Step instruction (si) a couple times until we reach the branch to
__vet_atags. That routine is responsible to determine the validity of the r2
pointer that the bootloader is supposed to point to where we copied the DTB in
the memory. Let’s see what happens:
__vet_atags () at arch/arm/kernel/head-common.S:44
44 tst r2, #0x3 @ aligned?
45 bne 1f
47 ldr r5, [r2, #0]
49 ldr r6, =OF_DT_MAGIC @ is it a DTB?
50 cmp r5, r6
51 beq 2f
61 2: ret lr @ atag/dtb pointer is ok
Evidently the DTB pointer is good! Now we return back to the startup code and
proceed with enabling MMU, clearing memory, etc. I got tired of single-stepping
through memset and hit continue, and was amazed to find the following on the
serial monitor:
[ 0.000000] Booting Linux on physical CPU 0x0
[ 0.000000] Linux version 6.1.28 (jk@SRS1720) (arm-buildroot-linux-uclibcgnueabihf-gcc.br_real (Buildroot 2024.11-202-g3645e3b781-dirty) 13.3.0, GNU ld (GNU Binutils) 2.42) #1 SMP PREEMPT Thu Dec 18 17:02:40 PST 2025
[ 0.000000] CPU: ARMv7 Processor [410fc075] revision 5 (ARMv7), cr=10c5387d
[ 0.000000] CPU: div instructions available: patching division code
[ 0.000000] CPU: PIPT / VIPT nonaliasing data cache, VIPT aliasing instruction cache
[ 0.000000] OF: fdt: Machine model: STMicroelectronics STM32MP135F-DK Discovery Board
[ 0.000000] Memory policy: Data cache writealloc
[ 0.000000] cma: Reserved 64 MiB at 0xdc000000
[ 0.000000] Zone ranges:
[ 0.000000] Normal [mem 0x00000000c0000000-0x00000000dfffffff]
[ 0.000000] HighMem empty
[ 0.000000] Movable zone start for each node
[ 0.000000] Early memory node ranges
[ 0.000000] node 0: [mem 0x00000000c0000000-0x00000000dfffffff]
[ 0.000000] Initmem setup node 0 [mem 0x00000000c0000000-0x00000000dfffffff]

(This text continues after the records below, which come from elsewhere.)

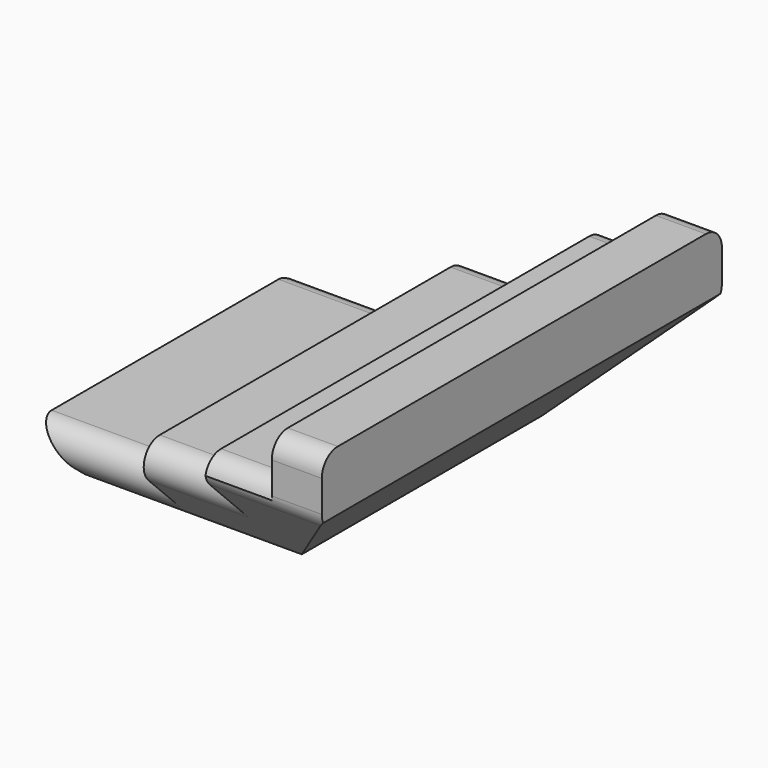
from build123d import *

# Parameters (mm, degrees)
F2_DEPTH    = 12.5
F3_T1_DEPTH = 46.550163213
F3_T3_DEPTH = 50.7168298797
F4_R        = 1
F4_R_2      = 0.99999


# Not quite as in the source:
# - a fillet or chamfer that OpenCascade refuses, or shapes differently, is made with other operations: its cross-section is extruded or revolved along the edge and cut away or added
# - a fillet or chamfer is up to 0.001 mm smaller than in the source, because OpenCascade refuses the exact size


with BuildPart() as f2:
    # F1 (on Front) → F2 (new body, symmetric)
    with BuildSketch(Plane.XZ):
        Polygon((0, 2), (0, 0), (20.8333333333, 0), (20.8333333333, 8), (18.3333333333, 8), (18.3333333333, 6), (15, 6), (15, 4), (10, 4), (10, 2), align=None)
    extrude(amount=F2_DEPTH, both=True)

    # F3: chamfer of 5 on 4 edges, made by hand

    # F3_s2 → F3_t1 (cut)
    with BuildSketch(Plane.YZ.offset(-12.8584149398)):
        Polygon((-12.5, 5), (-7.5, 0), (-12.5, 0), align=None)
        Polygon((7.5, 0), (12.5, 5), (12.5, 0), align=None)
    extrude(amount=F3_T1_DEPTH, mode=Mode.SUBTRACT)

    # F3_s4 → F3_t3 (cut)
    with BuildSketch(Plane.XZ.offset(-25.3584149398)):
        Polygon((0, 5), (5, 0), (0, 0), align=None)
        Polygon((20.8333333333, 5), (15.8333333333, 0), (20.8333333333, 0), align=None)
    extrude(amount=F3_T3_DEPTH, mode=Mode.SUBTRACT)

    # F4 (call 1 of 10: OpenCascade refuses the feature's edges together)
    f4_edges = [f2.edges().sort_by_distance(p)[0] for p in [
        (6.5, -9.5, 2),
    ]]
    fillet(f4_edges, radius=F4_R)

    # F4#2 (call 2 of 10)
    f4_2_edges = [f2.edges().sort_by_distance(p)[0] for p in [
        (12.5, -11.5, 4),
    ]]
    fillet(f4_2_edges, radius=F4_R)

    # F4#3 (call 3 of 10) (radius 1 in the source; OpenCascade refuses exactly that, so slightly less here)
    f4_3_edges = [f2.edges().sort_by_distance(p)[0] for p in [
        (16.666667, -12.5, 6),
    ]]
    fillet(f4_3_edges, radius=F4_R_2)

    # F4#4 (call 4 of 10)
    f4_4_edges = [f2.edges().sort_by_distance(p)[0] for p in [
        (19.583333, -12.5, 8),
    ]]
    fillet(f4_4_edges, radius=F4_R)

    # F4#5 (call 5 of 10)
    f4_5_edges = [f2.edges().sort_by_distance(p)[0] for p in [
        (19.583333, 12.5, 8),
    ]]
    fillet(f4_5_edges, radius=F4_R)

    # F4#6 (call 6 of 10) (radius 1 in the source; OpenCascade refuses exactly that, so slightly less here)
    f4_6_edges = [f2.edges().sort_by_distance(p)[0] for p in [
        (16.666667, 12.5, 6),
    ]]
    fillet(f4_6_edges, radius=F4_R_2)

    # F4#7 (call 7 of 10)
    f4_7_edges = [f2.edges().sort_by_distance(p)[0] for p in [
        (12.5, 11.5, 4),
    ]]
    fillet(f4_7_edges, radius=F4_R)

    # F4#8 (call 8 of 10)
    f4_8_edges = [f2.edges().sort_by_distance(p)[0] for p in [
        (6.5, 9.5, 2),
    ]]
    fillet(f4_8_edges, radius=F4_R)

    # F4#9 (call 9 of 10)
    f4_9_edges = [f2.edges().sort_by_distance(p)[0] for p in [
        (17.916667, -12.5, 5),
    ]]
    fillet(f4_9_edges, radius=F4_R)

    # F4#10 (call 10 of 10)
    f4_10_edges = [f2.edges().sort_by_distance(p)[0] for p in [
        (17.916667, 12.5, 5),
    ]]
    fillet(f4_10_edges, radius=F4_R)


solid = f2.part

In other words: IT WORKS!!!
There’s an important step that had to take place before the “blink” example could run on the custom board: let go of the sheer excitement. Having worked on or with some kind of a Linux system for perhaps two decades, it was an almost surreal, mystical feeling to hold in my hands a board that I designed myself that is supposed to run the operating system. It’s what makes engineering a rewarding experience, but the mental jitter of it can also interfere with getting things done. After all, this is just routine work!